I've been using 'evolution' as my test phrase for a while now: but as you'll see, it turns out to be a really interesting word for this kind of analysis. Maybe that's just chance, but I think it might be a sort of indicative test case--generational shifts are particularly important for live intellectual issues, perhaps, compared to overall linguistic drift.
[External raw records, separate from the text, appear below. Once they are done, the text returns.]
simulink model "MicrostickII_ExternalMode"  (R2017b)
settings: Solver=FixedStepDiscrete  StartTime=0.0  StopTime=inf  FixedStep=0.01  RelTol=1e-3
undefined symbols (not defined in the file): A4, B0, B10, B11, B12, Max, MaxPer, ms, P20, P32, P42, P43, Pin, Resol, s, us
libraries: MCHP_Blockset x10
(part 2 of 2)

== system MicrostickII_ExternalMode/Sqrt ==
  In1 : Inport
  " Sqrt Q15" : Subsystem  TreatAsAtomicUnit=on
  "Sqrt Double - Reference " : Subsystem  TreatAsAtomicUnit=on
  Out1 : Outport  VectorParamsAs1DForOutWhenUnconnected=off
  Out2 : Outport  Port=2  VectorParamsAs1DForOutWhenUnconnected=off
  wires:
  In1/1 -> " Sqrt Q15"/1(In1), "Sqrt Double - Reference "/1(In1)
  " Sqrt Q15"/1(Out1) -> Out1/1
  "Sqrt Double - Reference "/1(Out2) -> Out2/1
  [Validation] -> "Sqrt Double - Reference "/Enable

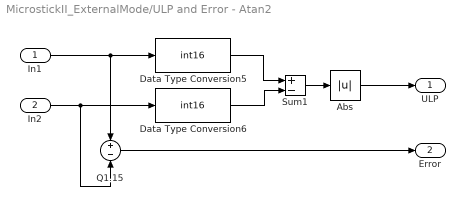
== system MicrostickII_ExternalMode/ULP and Error - Atan2 ==
  In1 : Inport
  In2 : Inport  Port=2
  Abs : Abs  SaturateOnIntegerOverflow=on
  Data Type Conversion5 : DataTypeConversion  OutDataTypeStr=int16  ConvertRealWorld=Stored Integer (SI)
  Data Type Conversion6 : DataTypeConversion  OutDataTypeStr=int16  ConvertRealWorld=Stored Integer (SI)
  Q1.15 : Sum  Inputs=+-  OutDataTypeStr=single
  Sum1 : Sum  Inputs=+-  SaturateOnIntegerOverflow=on  OutDataTypeStr=Inherit: Same as first input
  ULP : Outport  VectorParamsAs1DForOutWhenUnconnected=off
  Error : Outport  Port=2  VectorParamsAs1DForOutWhenUnconnected=off
  wires:
  Abs/1 -> ULP/1
  Q1.15/1 -> Error/1
  In1/1 -> Q1.15/1, Data Type Conversion5/1
  In2/1 -> Data Type Conversion6/1, Q1.15/2
  Sum1/1 -> Abs/1
  Data Type Conversion5/1 -> Sum1/1
  Data Type Conversion6/1 -> Sum1/2

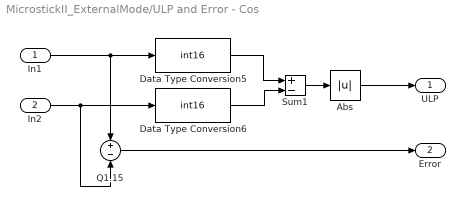
== system MicrostickII_ExternalMode/ULP and Error - Cos ==
  In1 : Inport
  In2 : Inport  Port=2
  Abs : Abs  SaturateOnIntegerOverflow=on
  Data Type Conversion5 : DataTypeConversion  OutDataTypeStr=int16  ConvertRealWorld=Stored Integer (SI)
  Data Type Conversion6 : DataTypeConversion  OutDataTypeStr=int16  ConvertRealWorld=Stored Integer (SI)
  Q1.15 : Sum  Inputs=+-  OutDataTypeStr=single
  Sum1 : Sum  Inputs=+-  SaturateOnIntegerOverflow=on  OutDataTypeStr=Inherit: Same as first input
  ULP : Outport  VectorParamsAs1DForOutWhenUnconnected=off
  Error : Outport  Port=2  VectorParamsAs1DForOutWhenUnconnected=off
  wires:
  Abs/1 -> ULP/1
  Q1.15/1 -> Error/1
  In1/1 -> Q1.15/1, Data Type Conversion5/1
  In2/1 -> Data Type Conversion6/1, Q1.15/2
  Sum1/1 -> Abs/1
  Data Type Conversion5/1 -> Sum1/1
  Data Type Conversion6/1 -> Sum1/2

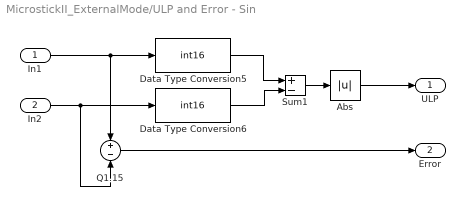
== system MicrostickII_ExternalMode/ULP and Error - Sin ==
  In1 : Inport
  In2 : Inport  Port=2
  Abs : Abs  SaturateOnIntegerOverflow=on
  Data Type Conversion5 : DataTypeConversion  OutDataTypeStr=int16  ConvertRealWorld=Stored Integer (SI)
  Data Type Conversion6 : DataTypeConversion  OutDataTypeStr=int16  ConvertRealWorld=Stored Integer (SI)
  Q1.15 : Sum  Inputs=+-  OutDataTypeStr=single
  Sum1 : Sum  Inputs=+-  SaturateOnIntegerOverflow=on  OutDataTypeStr=Inherit: Same as first input
  ULP : Outport  VectorParamsAs1DForOutWhenUnconnected=off
  Error : Outport  Port=2  VectorParamsAs1DForOutWhenUnconnected=off
  wires:
  Data Type Conversion6/1 -> Sum1/2
  Data Type Conversion5/1 -> Sum1/1
  Sum1/1 -> Abs/1
  In2/1 -> Q1.15/2, Data Type Conversion6/1
  In1/1 -> Data Type Conversion5/1, Q1.15/1
  Q1.15/1 -> Error/1
  Abs/1 -> ULP/1

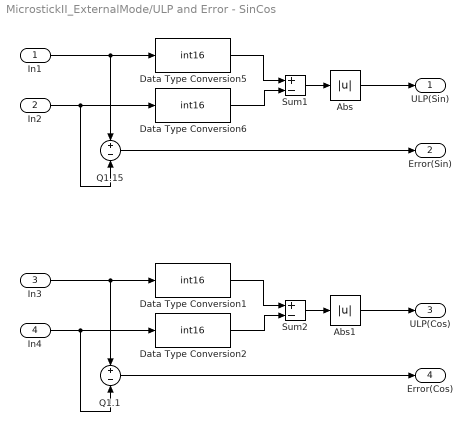
== system MicrostickII_ExternalMode/ULP and Error - SinCos ==
  In1 : Inport
  In2 : Inport  Port=2
  In3 : Inport  Port=3
  In4 : Inport  Port=4
  Abs : Abs  SaturateOnIntegerOverflow=on
  Abs1 : Abs  SaturateOnIntegerOverflow=on
  Data Type Conversion{1..2,5..6} (4 alike) : DataTypeConversion  OutDataTypeStr=int16  ConvertRealWorld=Stored Integer (SI)
  Q1.1 : Sum  Inputs=+-  OutDataTypeStr=single
  Q1.15 : Sum  Inputs=+-  OutDataTypeStr=single
  Sum1 : Sum  Inputs=+-  SaturateOnIntegerOverflow=on  OutDataTypeStr=Inherit: Same as first input
  Sum2 : Sum  Inputs=+-  SaturateOnIntegerOverflow=on  OutDataTypeStr=Inherit: Same as first input
  ULP(Sin) : Outport  VectorParamsAs1DForOutWhenUnconnected=off
  Error(Sin) : Outport  Port=2  VectorParamsAs1DForOutWhenUnconnected=off
  ULP(Cos) : Outport  Port=3  VectorParamsAs1DForOutWhenUnconnected=off
  Error(Cos) : Outport  Port=4  VectorParamsAs1DForOutWhenUnconnected=off
  wires:
  Data Type Conversion6/1 -> Sum1/2
  Data Type Conversion5/1 -> Sum1/1
  Sum1/1 -> Abs/1
  In2/1 -> Q1.15/2, Data Type Conversion6/1
  In1/1 -> Data Type Conversion5/1, Q1.15/1
  Q1.15/1 -> Error(Sin)/1
  Abs/1 -> ULP(Sin)/1
  Abs1/1 -> ULP(Cos)/1
  Q1.1/1 -> Error(Cos)/1
  In3/1 -> Q1.1/1, Data Type Conversion1/1
  In4/1 -> Data Type Conversion2/1, Q1.1/2
  Sum2/1 -> Abs1/1
  Data Type Conversion1/1 -> Sum2/1
  Data Type Conversion2/1 -> Sum2/2

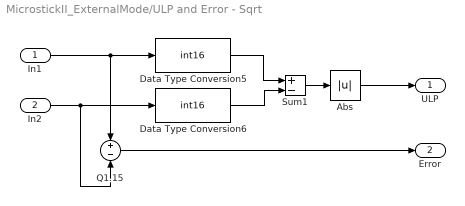
== system MicrostickII_ExternalMode/ULP and Error - Sqrt ==
  In1 : Inport
  In2 : Inport  Port=2
  Abs : Abs  SaturateOnIntegerOverflow=on
  Data Type Conversion5 : DataTypeConversion  OutDataTypeStr=int16  ConvertRealWorld=Stored Integer (SI)
  Data Type Conversion6 : DataTypeConversion  OutDataTypeStr=int16  ConvertRealWorld=Stored Integer (SI)
  Q1.15 : Sum  Inputs=+-  OutDataTypeStr=single
  Sum1 : Sum  Inputs=+-  SaturateOnIntegerOverflow=on  OutDataTypeStr=Inherit: Same as first input
  ULP : Outport  VectorParamsAs1DForOutWhenUnconnected=off
  Error : Outport  Port=2  VectorParamsAs1DForOutWhenUnconnected=off
  wires:
  Data Type Conversion6/1 -> Sum1/2
  Data Type Conversion5/1 -> Sum1/1
  Sum1/1 -> Abs/1
  In2/1 -> Q1.15/2, Data Type Conversion6/1
  In1/1 -> Data Type Conversion5/1, Q1.15/1
  Q1.15/1 -> Error/1
  Abs/1 -> ULP/1

== system MicrostickII_ExternalMode/Atan2/Atan2 Q15 ==
  In1 : Inport
  Atan2_Q1.15 : Subsystem  TreatAsAtomicUnit=on
  Demux : Demux  Outputs=2
  Out1 : Outport  VectorParamsAs1DForOutWhenUnconnected=off
  wires:
  Atan2_Q1.15/1(Out1) -> Out1/1
  Demux/1 -> Atan2_Q1.15/1(In1)
  Demux/2 -> Atan2_Q1.15/2(In2)
  In1/1 -> Demux/1

== system MicrostickII_ExternalMode/Atan2/Double Atan2 - Reference ==
  In1 : Inport
  Enable : EnablePort
  Demux : Demux  Outputs=2
  Simulink_Q1.15 : Subsystem  TreatAsAtomicUnit=on
  Simulink_Out_Q1.15 : Outport  VectorParamsAs1DForOutWhenUnconnected=off
  wires:
  Simulink_Q1.15/1(Out1) -> Simulink_Out_Q1.15/1
  In1/1 -> Demux/1
  Demux/1 -> Simulink_Q1.15/1(In1)
  Demux/2 -> Simulink_Q1.15/2(In2)

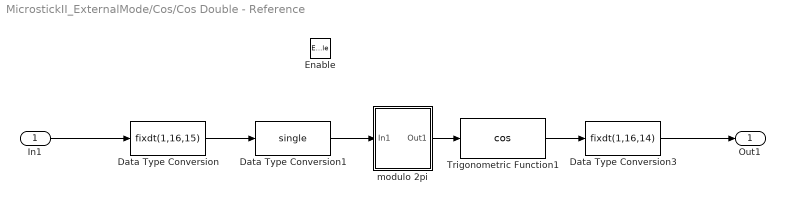
== system MicrostickII_ExternalMode/Cos/Cos Double - Reference ==
  In1 : Inport
  Enable : EnablePort
  Data Type Conversion : DataTypeConversion  OutDataTypeStr=fixdt(1,16,15)  ConvertRealWorld=Stored Integer (SI)
  Data Type Conversion1 : DataTypeConversion  OutDataTypeStr=single
  Data Type Conversion3 : DataTypeConversion  OutDataTypeStr=fixdt(1,16,14)  RndMeth=Convergent  SaturateOnIntegerOverflow=on
  Trigonometric Function1 : Trigonometry  Operator=cos  NumberOfIterations=15
  modulo 2pi : Subsystem
  Out1 : Outport  VectorParamsAs1DForOutWhenUnconnected=off
  wires:
  In1/1 -> Data Type Conversion/1
  Trigonometric Function1/1 -> Data Type Conversion3/1
  Data Type Conversion/1 -> Data Type Conversion1/1
  Data Type Conversion1/1 -> modulo 2pi/1(In1)
  modulo 2pi/1(Out1) -> Trigonometric Function1/1
  Data Type Conversion3/1 -> Out1/1

== system MicrostickII_ExternalMode/Cos/Cos Q15 ==
  In2 : Inport
  MCHP_Cos_Q1.15 : Subsystem  TreatAsAtomicUnit=on
  Cos_Out1 : Outport  OutDataTypeStr=fixdt(1,16,14)  VectorParamsAs1DForOutWhenUnconnected=off
  wires:
  In2/1 -> MCHP_Cos_Q1.15/1(In1)
  MCHP_Cos_Q1.15/1(Out1) -> Cos_Out1/1

== system MicrostickII_ExternalMode/Microstick2 - dsPIC33EP128MC202/1Hz Blinking2 ==
  Delay : Delay  DelayLength=1  InitialCondition=0  SampleTime=.5
  Logical Operator : Logic  Operator=NOT  AllPortsSameDT=off  OutDataTypeStr=boolean
  Rate Transition2 : RateTransition  Deterministic=off  OutPortSampleTime=.05
  Out1 : Outport  VectorParamsAs1DForOutWhenUnconnected=off
  wires:
  Delay/1 -> Logical Operator/1
  Logical Operator/1 -> Delay/1, Rate Transition2/1
  Rate Transition2/1 -> Out1/1

== system MicrostickII_ExternalMode/Microstick2 - dsPIC33EP128MC202/Open board doc WWW ==

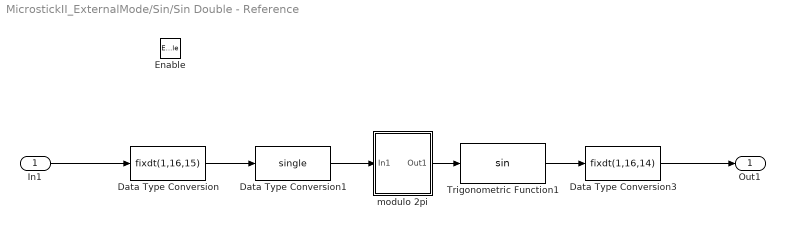
== system MicrostickII_ExternalMode/Sin/Sin Double - Reference ==
  In1 : Inport
  Enable : EnablePort
  Data Type Conversion : DataTypeConversion  OutDataTypeStr=fixdt(1,16,15)  ConvertRealWorld=Stored Integer (SI)
  Data Type Conversion1 : DataTypeConversion  OutDataTypeStr=single
  Data Type Conversion3 : DataTypeConversion  OutDataTypeStr=fixdt(1,16,14)  RndMeth=Convergent  SaturateOnIntegerOverflow=on
  Trigonometric Function1 : Trigonometry  NumberOfIterations=15
  modulo 2pi : Subsystem
  Out1 : Outport  VectorParamsAs1DForOutWhenUnconnected=off
  wires:
  Data Type Conversion3/1 -> Out1/1
  modulo 2pi/1(Out1) -> Trigonometric Function1/1
  Data Type Conversion1/1 -> modulo 2pi/1(In1)
  Data Type Conversion/1 -> Data Type Conversion1/1
  Trigonometric Function1/1 -> Data Type Conversion3/1
  In1/1 -> Data Type Conversion/1

== system MicrostickII_ExternalMode/Sin/Sin Q15 ==
  In2 : Inport
  MCHP_Sin_Q1.15 : Subsystem  TreatAsAtomicUnit=on
  Sin_Out1 : Outport  OutDataTypeStr=fixdt(1,16,14)  VectorParamsAs1DForOutWhenUnconnected=off
  wires:
  MCHP_Sin_Q1.15/1(Out1) -> Sin_Out1/1
  In2/1 -> MCHP_Sin_Q1.15/1(In1)

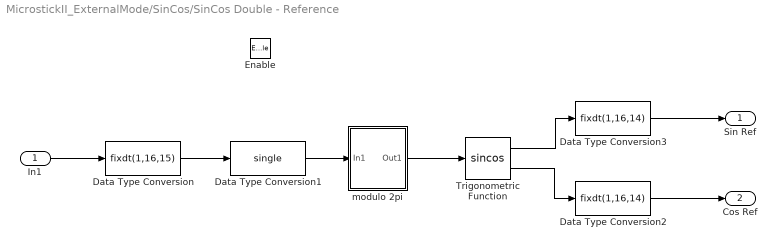
== system MicrostickII_ExternalMode/SinCos/SinCos Double - Reference ==
  In1 : Inport
  Enable : EnablePort
  Data Type Conversion : DataTypeConversion  OutDataTypeStr=fixdt(1,16,15)  ConvertRealWorld=Stored Integer (SI)
  Data Type Conversion1 : DataTypeConversion  OutDataTypeStr=single
  Data Type Conversion2 : DataTypeConversion  OutDataTypeStr=fixdt(1,16,14)  RndMeth=Convergent  SaturateOnIntegerOverflow=on
  Data Type Conversion3 : DataTypeConversion  OutDataTypeStr=fixdt(1,16,14)  RndMeth=Convergent  SaturateOnIntegerOverflow=on
  Trigonometric Function : Trigonometry  Operator=sincos
  modulo 2pi : Subsystem
  Sin Ref : Outport  VectorParamsAs1DForOutWhenUnconnected=off
  Cos Ref : Outport  Port=2  VectorParamsAs1DForOutWhenUnconnected=off
  wires:
  Data Type Conversion3/1 -> Sin Ref/1
  modulo 2pi/1(Out1) -> Trigonometric Function/1
  Data Type Conversion1/1 -> modulo 2pi/1(In1)
  Data Type Conversion/1 -> Data Type Conversion1/1
  Trigonometric Function/1 -> Data Type Conversion3/1
  In1/1 -> Data Type Conversion/1
  Data Type Conversion2/1 -> Cos Ref/1
  Trigonometric Function/2 -> Data Type Conversion2/1

== system MicrostickII_ExternalMode/SinCos/SinCos Q15 ==
  In2 : Inport
  MCHP_SinCos_Q1.15 : Subsystem  TreatAsAtomicUnit=on
  Sin_Out : Outport  OutDataTypeStr=fixdt(1,16,14)  VectorParamsAs1DForOutWhenUnconnected=off
  Cos_Out : Outport  Port=2  OutDataTypeStr=fixdt(1,16,14)  VectorParamsAs1DForOutWhenUnconnected=off
  wires:
  MCHP_SinCos_Q1.15/1(Out1) -> Sin_Out/1
  In2/1 -> MCHP_SinCos_Q1.15/1(In1)
  MCHP_SinCos_Q1.15/2(Out2) -> Cos_Out/1

== system MicrostickII_ExternalMode/Sqrt/ Sqrt Q15 ==
  In1 : Inport
  Sqrt : Sqrt  OutDataTypeStr=fixdt(1,16,15)
  Out1 : Outport  VectorParamsAs1DForOutWhenUnconnected=off
  wires:
  Sqrt/1 -> Out1/1
  In1/1 -> Sqrt/1

== system MicrostickII_ExternalMode/Sqrt/Sqrt Double - Reference  ==
  In1 : Inport
  Enable : EnablePort
  Data Type Conversion8 : DataTypeConversion  OutDataTypeStr=single
  Sqrt1 : Sqrt  OutDataTypeStr=fixdt(1,16,15)  RndMeth=Convergent
  Out2 : Outport  VectorParamsAs1DForOutWhenUnconnected=off
  wires:
  Sqrt1/1 -> Out2/1
  Data Type Conversion8/1 -> Sqrt1/1
  In1/1 -> Data Type Conversion8/1

== system MicrostickII_ExternalMode/Atan2/Atan2 Q15/Atan2_Q1.15 ==
  In1 : Inport
  In2 : Inport  Port=2
  Atan2 : Trigonometry  Operator=atan2  ApproximationMethod=CORDIC  NumberOfIterations=15  OutputSignalType=real
  Out1 : Outport  VectorParamsAs1DForOutWhenUnconnected=off
  wires:
  In1/1 -> Atan2/1
  In2/1 -> Atan2/2
  Atan2/1 -> Out1/1

== system MicrostickII_ExternalMode/Atan2/Double Atan2 - Reference/Simulink_Q1.15 ==
  In1 : Inport
  In2 : Inport  Port=2
  Data Type Conversion1 : DataTypeConversion  OutDataTypeStr=single
  Data Type Conversion3 : DataTypeConversion  OutDataTypeStr=single
  Data Type Conversion4 : DataTypeConversion  OutDataTypeStr=fixdt(1,16,13)  RndMeth=Convergent  SaturateOnIntegerOverflow=on
  Trigonometric Function1 : Trigonometry  Operator=atan2  NumberOfIterations=14  OutputSignalType=real
  Out1 : Outport  VectorParamsAs1DForOutWhenUnconnected=off
  wires:
  In2/1 -> Data Type Conversion3/1
  In1/1 -> Data Type Conversion1/1
  Data Type Conversion1/1 -> Trigonometric Function1/1
  Data Type Conversion3/1 -> Trigonometric Function1/2
  Trigonometric Function1/1 -> Data Type Conversion4/1
  Data Type Conversion4/1 -> Out1/1

== system MicrostickII_ExternalMode/Cos/Cos Double - Reference/modulo 2pi ==
  In1 : Inport
  Bias : Bias  Bias=pi
  Bias1 : Bias  Bias=-pi
  Constant2 : Constant  Value=2*pi  OutDataTypeStr=single  SampleTime=-1
  Math Function : Math  Operator=mod  SaturateOnIntegerOverflow=on
  Out1 : Outport  VectorParamsAs1DForOutWhenUnconnected=off
  wires:
  Bias1/1 -> Out1/1
  Bias/1 -> Math Function/1
  Constant2/1 -> Math Function/2
  Math Function/1 -> Bias1/1
  In1/1 -> Bias/1

== system MicrostickII_ExternalMode/Cos/Cos Q15/MCHP_Cos_Q1.15 ==
  In1 : Inport
  Cos : Trigonometry  Operator=cos  ApproximationMethod=CORDIC  NumberOfIterations=16
  Out1 : Outport  VectorParamsAs1DForOutWhenUnconnected=off
  wires:
  In1/1 -> Cos/1
  Cos/1 -> Out1/1

== system MicrostickII_ExternalMode/Sin/Sin Double - Reference/modulo 2pi ==
  In1 : Inport
  Bias : Bias  Bias=pi
  Bias1 : Bias  Bias=-pi
  Constant2 : Constant  Value=2*pi  OutDataTypeStr=single  SampleTime=-1
  Math Function : Math  Operator=mod  SaturateOnIntegerOverflow=on
  Out1 : Outport  VectorParamsAs1DForOutWhenUnconnected=off
  wires:
  In1/1 -> Bias/1
  Math Function/1 -> Bias1/1
  Constant2/1 -> Math Function/2
  Bias/1 -> Math Function/1
  Bias1/1 -> Out1/1

== system MicrostickII_ExternalMode/Sin/Sin Q15/MCHP_Sin_Q1.15 ==
  In1 : Inport
  Sin : Trigonometry  ApproximationMethod=CORDIC  NumberOfIterations=16
  Out1 : Outport  VectorParamsAs1DForOutWhenUnconnected=off
  wires:
  Sin/1 -> Out1/1
  In1/1 -> Sin/1

== system MicrostickII_ExternalMode/SinCos/SinCos Double - Reference/modulo 2pi ==
  In1 : Inport
  Bias : Bias  Bias=pi
  Bias1 : Bias  Bias=-pi
  Constant2 : Constant  Value=2*pi  OutDataTypeStr=single  SampleTime=-1
  Math Function : Math  Operator=mod  SaturateOnIntegerOverflow=on
  Out1 : Outport  VectorParamsAs1DForOutWhenUnconnected=off
  wires:
  In1/1 -> Bias/1
  Math Function/1 -> Bias1/1
  Constant2/1 -> Math Function/2
  Bias/1 -> Math Function/1
  Bias1/1 -> Out1/1

== system MicrostickII_ExternalMode/SinCos/SinCos Q15/MCHP_SinCos_Q1.15 ==
  In1 : Inport
  SinCos : Trigonometry  Operator=sincos  ApproximationMethod=CORDIC  NumberOfIterations=16
  Out1 : Outport  VectorParamsAs1DForOutWhenUnconnected=off
  Out2 : Outport  Port=2  VectorParamsAs1DForOutWhenUnconnected=off
  wires:
  SinCos/1 -> Out1/1
  In1/1 -> SinCos/1
  SinCos/2 -> Out2/1

To start off, here's a chart of the usage of the word "evolution" by share of words per year. There's nothing new here yet, so this is merely a reminder:

Here's what's new: we can also plot by year of author birth, which shows some interesting (if small) differences:

This shows us that authors born before about 1805 hardly use the word evolution at all, and then usage steadily climbs through authors born in 1860, after which it declines. The growth is over about 40 to 50 years, compared to about 30 years of growth to peak (1870 to 1900) for book publication date. The growth occurs on a larger scale even without the big peak in 1820 (which is, I can confirm, due to Herbert Spencer, one of the most frequent authors in my database. Darwin, by comparison, doesn't move the chart at all in 1809).

We have two different ways of looking at vocabulary usage: immediate context, and generational context. What's the best way to compare them? Well, I found in my first post on author birth dates that the median age of authors when their books are published is about 49. To get a more direct comparison, we can look at the resemblance of these two curves by shifting the birth year forward by 49 years and plotting them together. This is a little bit of apples-to-oranges, but I think it's a road somewhere interesting. By plotting it this way and expecting them to coincide, I'm implying an assumption that since books are written, on average, by 49-year-olds, the language choices of 49-year olds should be about the same as the dominant language in a given year.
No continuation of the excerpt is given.